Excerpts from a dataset
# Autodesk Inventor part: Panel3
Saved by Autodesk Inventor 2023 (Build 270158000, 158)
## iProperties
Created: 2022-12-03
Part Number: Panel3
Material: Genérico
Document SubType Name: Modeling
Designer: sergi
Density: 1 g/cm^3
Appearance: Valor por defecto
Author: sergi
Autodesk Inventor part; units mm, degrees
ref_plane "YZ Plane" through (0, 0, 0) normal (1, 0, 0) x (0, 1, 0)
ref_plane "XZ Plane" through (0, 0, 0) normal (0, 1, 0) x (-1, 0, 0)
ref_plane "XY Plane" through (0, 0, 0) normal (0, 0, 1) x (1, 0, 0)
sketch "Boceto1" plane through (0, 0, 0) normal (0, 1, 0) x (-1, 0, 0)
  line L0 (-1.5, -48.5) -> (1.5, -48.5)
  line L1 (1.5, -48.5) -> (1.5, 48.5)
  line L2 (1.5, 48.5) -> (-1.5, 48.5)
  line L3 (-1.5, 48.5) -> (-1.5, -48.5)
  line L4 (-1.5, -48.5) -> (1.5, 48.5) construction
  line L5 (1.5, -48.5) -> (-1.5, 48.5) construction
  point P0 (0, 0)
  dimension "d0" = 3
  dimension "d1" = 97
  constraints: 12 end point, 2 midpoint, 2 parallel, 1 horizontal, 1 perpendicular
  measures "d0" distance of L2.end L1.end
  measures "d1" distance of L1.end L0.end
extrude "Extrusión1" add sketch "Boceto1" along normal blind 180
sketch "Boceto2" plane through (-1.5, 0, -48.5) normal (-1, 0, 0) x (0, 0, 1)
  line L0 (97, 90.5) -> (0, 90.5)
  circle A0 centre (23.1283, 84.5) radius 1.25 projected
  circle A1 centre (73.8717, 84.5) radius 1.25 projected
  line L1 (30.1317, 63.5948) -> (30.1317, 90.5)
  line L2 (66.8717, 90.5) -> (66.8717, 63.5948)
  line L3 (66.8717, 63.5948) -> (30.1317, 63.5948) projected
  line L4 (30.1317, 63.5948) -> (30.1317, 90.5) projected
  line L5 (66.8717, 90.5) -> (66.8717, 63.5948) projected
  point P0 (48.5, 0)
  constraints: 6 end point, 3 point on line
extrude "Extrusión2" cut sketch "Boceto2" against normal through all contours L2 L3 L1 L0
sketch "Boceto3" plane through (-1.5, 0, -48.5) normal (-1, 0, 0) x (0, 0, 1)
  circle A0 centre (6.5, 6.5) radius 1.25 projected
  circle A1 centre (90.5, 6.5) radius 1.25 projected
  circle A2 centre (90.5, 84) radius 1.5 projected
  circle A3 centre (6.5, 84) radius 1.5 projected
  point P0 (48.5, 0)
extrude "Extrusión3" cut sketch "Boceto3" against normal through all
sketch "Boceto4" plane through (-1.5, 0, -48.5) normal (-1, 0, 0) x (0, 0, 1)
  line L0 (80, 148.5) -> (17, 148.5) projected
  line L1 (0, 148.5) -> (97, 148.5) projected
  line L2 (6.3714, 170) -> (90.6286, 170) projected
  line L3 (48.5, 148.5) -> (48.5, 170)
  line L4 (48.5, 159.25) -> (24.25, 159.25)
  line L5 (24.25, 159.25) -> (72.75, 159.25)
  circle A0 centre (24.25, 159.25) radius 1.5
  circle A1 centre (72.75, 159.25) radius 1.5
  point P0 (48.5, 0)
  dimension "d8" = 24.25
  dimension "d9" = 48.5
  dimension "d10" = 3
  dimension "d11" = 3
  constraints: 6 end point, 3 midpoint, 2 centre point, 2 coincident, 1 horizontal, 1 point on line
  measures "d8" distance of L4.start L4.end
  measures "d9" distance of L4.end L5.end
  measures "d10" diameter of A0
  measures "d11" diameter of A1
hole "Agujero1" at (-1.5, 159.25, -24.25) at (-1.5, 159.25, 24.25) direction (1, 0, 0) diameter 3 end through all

| Brief |
Starting with the line that contains "diameter of A1", return every line through the last one of the records, exactly as written.

| Written solution |
  measures "d11" diameter of A1
hole "Agujero1" at (-1.5, 159.25, -24.25) at (-1.5, 159.25, 24.25) direction (1, 0, 0) diameter 3 end through all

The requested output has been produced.